# FS: Salomon Enduro 184 10/11 $575 delivered.



## wa-loaf (Mar 30, 2011)

These skis are awesome. I really like them, but after spending the weekend in the trees I realized I should have gotten the 177s. Which are actually already on the way ... I'm now just trying to break even on these.

Ski Mag Review:


> Salomon blazed a trail with subtly rockered frontside skis, and the new, refined Enduro is a shining example of the benefits. One of the favorites in the category, it blends hard-snow excellence (vertical sidewalls, metal laminates, grippy construction) with an 84-mm waist and a touch of tip rocker. The result is a supremely smooth and versatile ski that trenches on the groomed but loves soft snow, too. Testers praised its confidence in crud and gave it the No. 1 ranking for Flotation, too. “Versatile in seemingly all conditions,” said Garrett.



The 184 is 127/85/112 with a 19.3m radius. They are really zippy skis that can handle a variety if turn shapes,pretty damn good in the bumps and absolutely rip the crud.
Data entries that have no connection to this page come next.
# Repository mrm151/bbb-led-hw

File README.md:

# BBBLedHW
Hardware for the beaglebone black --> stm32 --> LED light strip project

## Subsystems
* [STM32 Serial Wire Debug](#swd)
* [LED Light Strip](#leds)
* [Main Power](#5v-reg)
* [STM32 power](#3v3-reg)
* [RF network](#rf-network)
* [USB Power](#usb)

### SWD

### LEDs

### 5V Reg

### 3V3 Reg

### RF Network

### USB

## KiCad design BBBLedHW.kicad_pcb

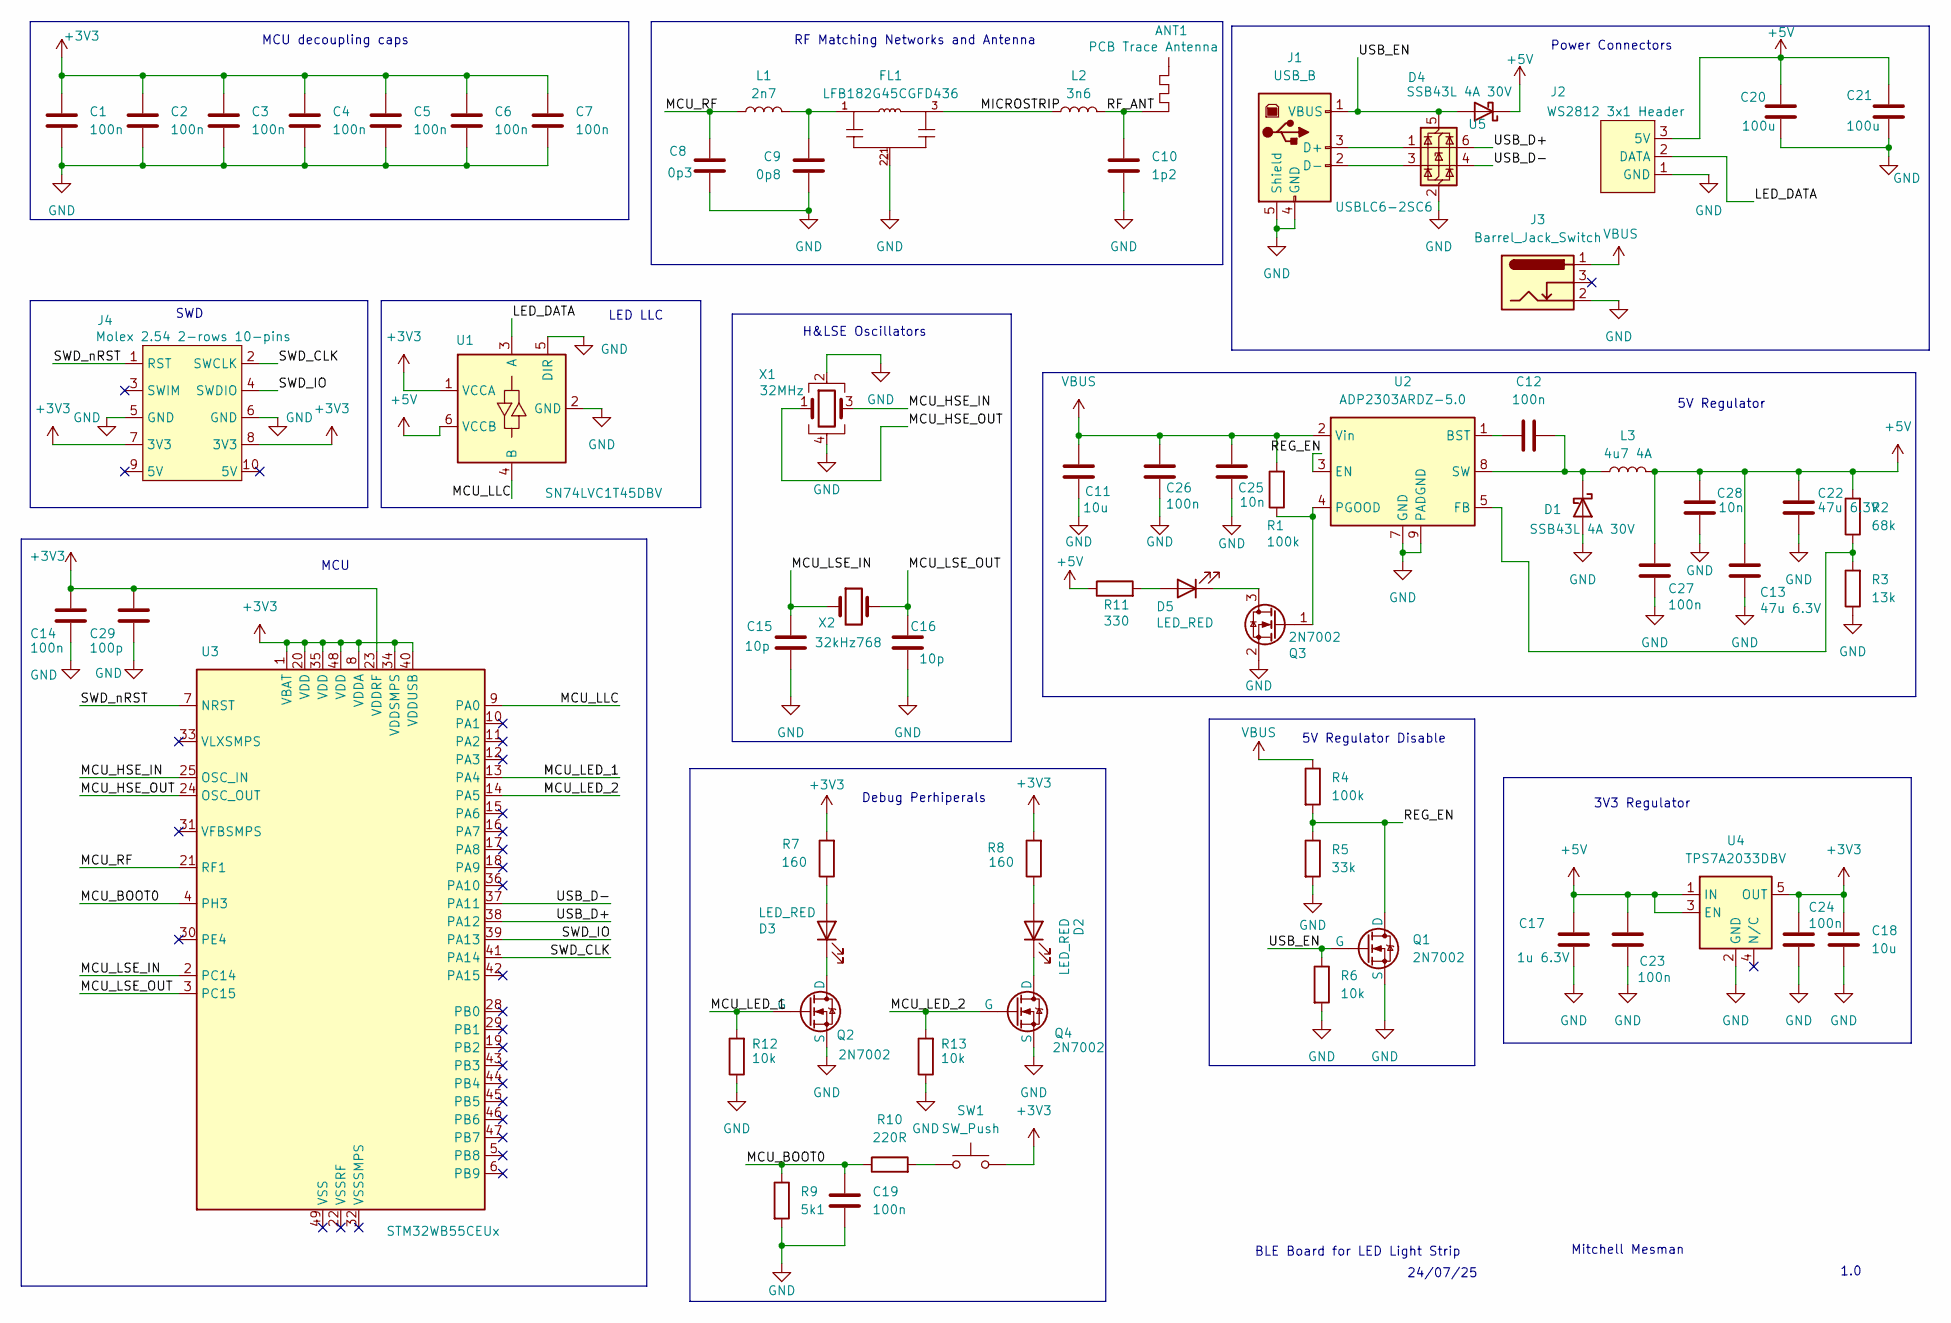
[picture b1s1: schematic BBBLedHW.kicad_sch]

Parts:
ANT1: PCB Trace Antenna; TraceAntenna
C1, C2, C3, C4, C5, C6, C7, C12, C14, C19, C23, C24, C26, C27: 100n; C_0402_1005Metric; Manufacturer Part Number KGM05AR71E104KH
C8: 0p3; C_0402_1005Metric; Manufacturer Part Number GRM1555C1HR30WA01D
C9: 0p8; C_0402_1005Metric; Manufacturer Part Number GRM1555C1HR80BA01D
C10: 1p2; C_0402_1005Metric; Manufacturer Part Number GRM1555C1H1R2WA01D
C11, C18: 10u; C_0805_2012Metric; Manufacturer Part Number GRM21BR61E106KA73K
C13, C22: 47u 6.3V; C_0805_2012Metric; Manufacturer Part Number C2012X5R0J476M125AC
C15, C16: 10p; C_0402_1005Metric; Manufacturer Part Number KGM05ACG1H100JN
C17: 1u 6.3V; C_0402_1005Metric; Manufacturer Part Number GRT155R70J105KE01D
C20, C21: 100u; WCAP-ASLI_5X5.5_DXL_; Manufacturer Part Number 865080142007
C25, C28: 10n; C_0402_1005Metric; Manufacturer Part Number CC0402KRX7R8BB103
C29: 100p; C_0402_1005Metric; Manufacturer Part Number KGM05AR71E101KH
D1, D4: SSB43L 4A 30V; DIODE_DO214AA_MBRS-L; Manufacturer Part Number SSB43L-E3/52T
D2, D3, D5: LED_RED; LED_0603_1608Metric; Manufacturer Part Number LTST-C190KRKT
FL1: LFB182G45CGFD436; FIL_LFB182G45CGFD436; PARTREV N/A
J1: USB_B; CONN_10118194-0001LF_AMP; Manufacturer Part Number 10118194-0001LF
J2: WS2812 3x1 Header
J3: Barrel_Jack_Switch; TENSILITY_54-00131; Manufacturer Part Number 54-00131
J4: Molex 2.54 2-rows 10-pins; CONN10_302-S101_OST; Manufacturer Part Number 302-S101
L1: 2n7; L_0402_1005Metric; Manufacturer Part Number LQG15HS2N7S02D
L2: 3n6; L_0402_1005Metric; Manufacturer Part Number LQG15HS3N6S02D
L3: 4u7 4A; IND_CLF10060NIT-4R7N-D; Manufacturer Part Number CLF10060NIT-4R7N-D
Q1, Q2, Q3, Q4: 2N7002; SOT-23; Manufacturer Part Number 2N7002
R1, R4: 100k; R_0402_1005Metric; Manufacturer Part Number ERA-2AEB104X
R2: 68k; R_0402_1005Metric; Manufacturer Part Number RC0402FR-0768KL
R3: 13k; R_0402_1005Metric; Manufacturer Part Number RC0402FR-0713KL
R5: 33k; R_0402_1005Metric; Manufacturer Part Number RC0402FR-1333KL
R6, R12, R13: 10k; R_0402_1005Metric; Manufacturer Part Number RC0402JR-0710KL
R7, R8: 160; R_0402_1005Metric; Manufacturer Part Number ERJ-2RKF1600X
R9: 5k1; R_0402_1005Metric; Manufacturer Part Number RC0402FR-075K1L
R10: 220R; R_0402_1005Metric; Manufacturer Part Number PFR05S-221-FNH
R11: 330; R_0402_1005Metric; Manufacturer Part Number RC0402FR-13330RL
SW1: SW_Push; SW_Push_1P1T_NO_CK_KMR2; Manufacturer Part Number KMR231G LFS
U1: SN74LVC1T45DBV; SOT-23-6; Manufacturer Part Number SN74LVC1T45DBVR
U2: ADP2303ARDZ-5.0; SOIC-8-1EP_3.9x4.9mm_P1.27mm_EP2.29x3mm; Manufacturer Part Number ADP2303ARDZ-5.0-R7
U3: STM32WB55CEUx; QFN-48-1EP_7x7mm_P0.5mm_EP5.6x5.6mm; Manufacturer Part Number STM32WB55CEU6
U4: TPS7A2033DBV; SOT-23-5; Manufacturer Part Number TPS7A2433DBVR
U5: USBLC6-2SC6; SOT-23-6; Manufacturer Part Number USBLC6-2SC6
X1: 32MHz; Crystal_SMD_2016-4Pin_2.0x1.6mm; Manufacturer Part Number ECS-320-8-37CKM
X2: 32kHz768; XTAL_NX2012SA_NDK; Manufacturer Part Number STDMUB1-32.768K

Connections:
+3V3: C1.1, C2.1, C3.1, C4.1, C5.1, C6.1, C7.1, C14.1, C18.2, C24.1, C29.1, J4.7 (3V3), J4.8 (3V3), R7.2, R8.2, SW1.2, U1.1 (VCCA), U3.1 (VBAT), U3.8 (VDDA), U3.20 (VDD), U3.23 (VDDRF), U3.34 (VDDSMPS), U3.35 (VDD), U3.40 (VDDUSB), U3.48 (VDD), U4.5 (OUT)
+5V: C13.1, C17.2, C20.1, C21.1, C22.1, C23.1, C27.1, C28.1, D4.1 (K), J2.3 (5V), L3.2, R2.2, R11.1, U1.6 (VCCB), U4.1 (IN), U4.3 (EN)
/LED_DATA: J2.2 (DATA), U1.3 (A)
/MCU_BOOT0: C19.1, R9.1, R10.1, U3.4 (PH3)
/MCU_HSE_IN: U3.25 (OSC_IN), X1.3
/MCU_HSE_OUT: U3.24 (OSC_OUT), X1.1
/MCU_LED_1: Q2.2 (G), R12.2, U3.13 (PA4)
/MCU_LED_2: Q4.2 (G), R13.2, U3.14 (PA5)
/MCU_LLC: U1.4 (B), U3.9 (PA0)
/MCU_LSE_IN: C15.1, U3.2 (PC14), X2.1
/MCU_LSE_OUT: C16.1, U3.3 (PC15), X2.2
/MCU_RF: C8.1, L1.2, U3.21 (RF1)
/MICROSTRIP: FL1.3, L2.1
/REG_EN: Q1.1 (D), R4.2, R5.1, U2.3 (EN)
/RF_ANT: ANT1., C10.1, L2.2
/SWD_CLK: J4.2 (SWCLK), U3.41 (PA14)
/SWD_IO: J4.4 (SWDIO), U3.39 (PA13)
/SWD_nRST: J4.1 (RST), U3.7 (NRST)
/USB_D+: U3.38 (PA12), U5.6 (I/O1)
/USB_D-: U3.37 (PA11), U5.4 (I/O2)
/USB_EN: D4.2 (A), J1.1 (VBUS), Q1.2 (G), R6.1, U5.5 (VBUS)
GND: C1.2, C2.2, C3.2, C4.2, C5.2, C6.2, C7.2, C8.2, C9.2, C10.2, C11.1, C13.2, C14.2, C15.2, C16.2, C17.1, C18.1, C19.2, C20.2, C21.2, C22.2, C23.2, C24.2, C25.2, C26.2, C27.2, C28.2, C29.2, D1.2 (A), FL1.2, FL1.2_1, J1.4 (GND), J1.5 (Shield), J2.1 (GND), J3.2, J4.5 (GND), J4.6 (GND), Q1.3 (S), Q2.3 (S), Q3.2 (S), Q4.3 (S), R3.1, R5.2, R6.2, R9.2, R12.1, R13.1, U1.2 (GND), U1.5 (DIR), U2.7 (GND), U2.9 (PADGND), U4.2 (GND), U5.2 (GND), X1.2, X1.4
unnamed: C9.1, FL1.1, L1.1
unnamed: C12.1, D1.1 (K), L3.1, U2.8 (SW)
unnamed: D2.2 (A), R8.1
unnamed: D2.1 (K), Q4.1 (D)
unnamed: D3.2 (A), R7.1
unnamed: D3.1 (K), Q2.1 (D)
unnamed: D5.2 (A), R11.2
unnamed: D5.1 (K), Q3.3 (D)
unnamed: J1.3 (D+), U5.1 (I/O1)
unnamed: J1.2 (D-), U5.3 (I/O2)
unnamed: Q3.1 (G), R1.1, U2.4 (PGOOD)
unnamed: R10.2, SW1.1
unnamed: C12.2, U2.1 (BST)
unnamed: R2.1, R3.2, U2.5 (FB)
VBUS: C11.2, C25.1, C26.1, J3.1, R1.2, R4.1, U2.2 (Vin)

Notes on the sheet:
Power Connectors
5V Regulator Disable
24/07/25
LED LLC
BLE Board for LED Light Strip
RF Matching Networks and Antenna
Mitchell Mesman
Debug Perhiperals
H&LSE Oscillators
3V3 Regulator
SWD
MCU
5V Regulator
1.0
MCU decoupling caps

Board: 4 copper layers, 67 parts (0 on the bottom side), 36 nets, no tracks yet.

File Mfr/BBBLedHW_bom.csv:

"Reference","Qty","Value","Footprint","MANUFACTURER","Distributor Link","Manufacturer Part Number"
"ANT1","1","PCB Trace Antenna","bbbled:TraceAntenna","","",""
"C1,C2,C3,C4,C5,C6,C7,C12,C14,C19,C23,C24,C26,C27","14","100n","Capacitor_SMD:C_0402_1005Metric","KYOCERA AVX","https://www.digikey.co.nz/en/products/detail/kyocera-avx/KGM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","KGM05AR71E104KH"
"C8","1","0p3","Capacitor_SMD:C_0402_1005Metric","Murata Electronics","https://www.digikey.co.nz/en/products/detail/murata-electron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","GRM1555C1HR30WA01D"
"C9","1","0p8","Capacitor_SMD:C_0402_1005Metric","Murata Electronics","https://www.digikey.co.nz/en/products/detail/murata-electron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","GRM1555C1HR80BA01D"
"C10","1","1p2","Capacitor_SMD:C_0402_1005Metric","Murata Electronics","https://www.digikey.co.nz/en/products/detail/murata-electron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","GRM1555C1H1R2WA01D"
"C11,C18","2","10u","Capacitor_SMD:C_0805_2012Metric","Murata Electronics","https://www.digikey.co.nz/en/products/detail/murata-electron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","GRM21BR61E106KA73K"
"C13,C22","2","47u 6.3V","Capacitor_SMD:C_0805_2012Metric","TDK Corporation","https://www.digikey.co.nz/en/products/detail/tdk-corporation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","C2012X5R0J476M125AC"
"C15,C16","2","10p","Capacitor_SMD:C_0402_1005Metric","KYOCERA AVX","https://www.digikey.co.nz/en/products/detail/kyocera-avx/KGM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","KGM05ACG1H100JN"
"C17","1","1u 6.3V","Capacitor_SMD:C_0402_1005Metric","Murata Electronics","https://www.digikey.co.nz/en/products/detail/murata-electron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","GRT155R70J105KE01D"
"C20,C21","2","100u","bbbled:WCAP-ASLI_5X5.5_DXL_","Würth Elektronik","https://www.digikey.co.nz/en/products/detail/w%C3%BCrth-elek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","865080142007"
"C25,C28","2","10n","Capacitor_SMD:C_0402_1005Metric","YAGEO","https://www.digikey.co.nz/en/products/detail/yageo/CC0402KRX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","CC0402KRX7R8BB103"
"C29","1","100p","Capacitor_SMD:C_0402_1005Metric","KYOCERA AVX","https://www.digikey.co.nz/en/products/detail/kyocera-avx/KGM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","KGM05AR71E101KH"
"D1,D4","2","SSB43L 4A 30V","bbbled:DIODE_DO214AA_MBRS-L","Vishay General Semiconductor - Diodes Division","https://www.digikey.co.nz/en/products/detail/vishay-general-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","SSB43L-E3/52T"
"D2,D3,D5","3","LED_RED","LED_SMD:LED_0603_1608Metric","Lite-On Inc.","https://www.digikey.com/en/products/detail/liteon/LTST-C190K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","LTST-C190KRKT"
"FID1,FID2,FID3","3","Fiducial","Fiducial:Fiducial_0.5mm_Mask1mm","","",""
"FL1","1","LFB182G45CGFD436","bbbled:FIL_LFB182G45CGFD436","Murata Electronics","https://www.digikey.co.nz/en/products/detail/murata-electron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","LFB182G45CGFD436"
"J1","1","USB_B","bbbled:CONN_10118194-0001LF_AMP","Amphenol ICC (FCI)","https://www.digikey.co.nz/en/products/detail/amphenol-cs-fci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","10118194-0001LF"
"J2","1","WS2812 3x1 Header","bbbled:CONN_A-6373-03A_MOL","","",""
"J3","1","Barrel_Jack_Switch","bbbled:TENSILITY_54-00131","Tensility International Corp","https://www.digikey.com/en/products/detail/tensility-interna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","54-00131"
"J4","1","Molex 2.54 2-rows 10-pins","bbbled:CONN10_302-S101_OST","On Shore Technology Inc.","https://www.digikey.co.nz/en/products/detail/on-shore-techno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","302-S101"
"L1","1","2n7","Inductor_SMD:L_0402_1005Metric","Murata Electronics","https://www.digikey.co.nz/en/products/detail/murata-electron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","LQG15HS2N7S02D"
"L2","1","3n6","Inductor_SMD:L_0402_1005Metric","Murata Electronics","https://www.digikey.co.nz/en/products/detail/murata-electron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","LQG15HS3N6S02D"
"L3","1","4u7 4A","bbbled:IND_CLF10060NIT-4R7N-D","TDK Corporation","https://www.digikey.co.nz/en/products/detail/tdk-corporation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","CLF10060NIT-4R7N-D"
"Q1,Q2,Q3,Q4","4","2N7002","Package_TO_SOT_SMD:SOT-23","onsemi","https://www.digikey.co.nz/en/products/detail/onsemi/2n7002/244345","2N7002"
"R1,R4","2","100k","Resistor_SMD:R_0402_1005Metric","Panasonic Electronic Components","https://www.digikey.co.nz/en/products/detail/panasonic-elect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","ERA-2AEB104X"
"R2","1","68k","Resistor_SMD:R_0402_1005Metric","YAGEO","https://www.digikey.co.nz/en/products/detail/yageo/RC0402FR-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","RC0402FR-0768KL"
"R3","1","13k","Resistor_SMD:R_0402_1005Metric","YAGEO","https://www.digikey.co.nz/en/products/detail/yageo/RC0402FR-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","RC0402FR-0713KL"
"R5","1","33k","Resistor_SMD:R_0402_1005Metric","YAGEO","https://www.digikey.co.nz/en/products/detail/yageo/RC0402FR-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","RC0402FR-1333KL"
"R6,R12,R13","3","10k","Resistor_SMD:R_0402_1005Metric","YAGEO","https://www.digikey.co.nz/en/products/detail/yageo/RC0402JR-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","RC0402JR-0710KL"
"R7,R8","2","160","Resistor_SMD:R_0402_1005Metric","Panasonic Electronic Components","https://www.digikey.co.nz/en/products/detail/panasonic-elect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","ERJ-2RKF1600X"
"R9","1","5k1","Resistor_SMD:R_0402_1005Metric","YAGEO","https://www.digikey.co.nz/en/products/detail/yageo/RC0402FR-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","RC0402FR-075K1L"
"R10","1","220R","Resistor_SMD:R_0402_1005Metric","Delta Electronics/Cyntec","https://www.digikey.co.nz/en/products/detail/delta-electroni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","PFR05S-221-FNH"
"R11","1","330","Resistor_SMD:R_0402_1005Metric","YAGEO","https://www.digikey.co.nz/en/products/detail/yageo/RC0402FR-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","RC0402FR-13330RL"
"SW1","1","SW_Push","Button_Switch_SMD:SW_Push_1P1T_NO_CK_KMR2","C&K","https://www.digikey.co.nz/en/products/detail/c-k/KMR231G-LFS/550477","KMR231G LFS"
"U1","1","SN74LVC1T45DBV","Package_TO_SOT_SMD:SOT-23-6","Texas Instruments","https://www.digikey.co.nz/en/products/detail/texas-instrumen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","SN74LVC1T45DBVR"
"U2","1","ADP2303ARDZ-5.0","Package_SO:SOIC-8-1EP_3.9x4.9mm_P1.27mm_EP2.29x3mm"," Analog Devices","https://www.mouser.com/ProductDetail/Analog-Devices/ADP2303A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"," ADP2303ARDZ-5.0-R7 "
"U3","1","STM32WB55CEUx","Package_DFN_QFN:QFN-48-1EP_7x7mm_P0.5mm_EP5.6x5.6mm","STMicroelectronics","https://www.digikey.co.nz/en/products/detail/stmicroelectron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","STM32WB55CEU6"
"U4","1","TPS7A2033DBV","Package_TO_SOT_SMD:SOT-23-5","Texas Instruments","https://www.digikey.co.nz/en/products/detail/texas-instrumen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","TPS7A2433DBVR"
"U5","1","USBLC6-2SC6","Package_TO_SOT_SMD:SOT-23-6","UMW","https://www.digikey.co.nz/en/products/detail/umw/usblc6-2sc6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","USBLC6-2SC6"
"X1","1","32MHz","Crystal:Crystal_SMD_2016-4Pin_2.0x1.6mm","ECS Inc.","https://www.digikey.com/en/products/detail/ecs-inc/ECS-320-8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","ECS-320-8-37CKM"
"X2","1","32kHz768","bbbled:XTAL_NX2012SA_NDK","NDK (NIHON DEMPA KOGYO CO., LTD)","https://www.digikey.com/en/products/detail/ndk-nihon-dempa-k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","STDMUB1-32.768K"

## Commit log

2025-07-24 Added 5V regulator disable circuit and DC+USB power connectors
2025-07-25 Final touches before review
2025-08-19 Add reviewed schematic
2025-08-19 Final touches before assigning footprints
2025-08-19 need to find a way to remove these other files from the repo...
2025-09-03 Chosen components, footprints, 3d models and PCB constraints. Next step - placing and routing!
2025-09-03 Remove files
2025-09-03 Skeleton for design
2025-09-24 Add Rev1 Gerbers
2025-09-24 Rev1 visuals
2025-09-24 Remove zip file
2025-09-24 Add some resources used in RF network design

At this size though you need to either be a big guy or plan on staying out of the trees. 

These were demo skis and are in excellent condition except for the usual top sheet scratching. Have a fresh stonegrind and very sharp edges.

Price isn't really negotiable right now, but if you want to pick up (or I can deliver in the Boston/Metrowest area) I can do better. Will go on ebay in about a week if nothing happens here.


----------



## wa-loaf (Mar 31, 2011)

Similar demos are going for $660 on ebay. Get em while you can ...


----------



## RootDKJ (Mar 31, 2011)

so tempting...


----------



## wa-loaf (Mar 31, 2011)

RootDKJ said:


> so tempting...



give in to the temptation. :-D


----------



## RootDKJ (Mar 31, 2011)

wa-loaf said:


> give in to the temptation. :-D


Wish I could man...I just bought the Mantra's :grin:


----------



## wa-loaf (Mar 31, 2011)

RootDKJ said:


> Wish I could man...I just bought the Mantra's :grin:



Mantra's are so 2 years ago ...


----------



## wa-loaf (Apr 4, 2011)

Bump for a Monday.


----------



## RootDKJ (Apr 4, 2011)

Somebody please buy these quickly!


----------



## wa-loaf (Aug 31, 2011)

These are still available. Going to put them in a swap in October, save me the trouble!


----------



## Philpug (Aug 31, 2011)

Someone on Epic was talking about these in the 184...try a search there and if I find it I will let you know.


----------



## wa-loaf (Aug 31, 2011)

I think I posted this there too. I'll bump that one as well.


----------



## wa-loaf (Aug 31, 2011)

Oh, I see what you are saying. Never got a notification from Epic.


----------



## wa-loaf (Sep 1, 2011)

Sold!


----------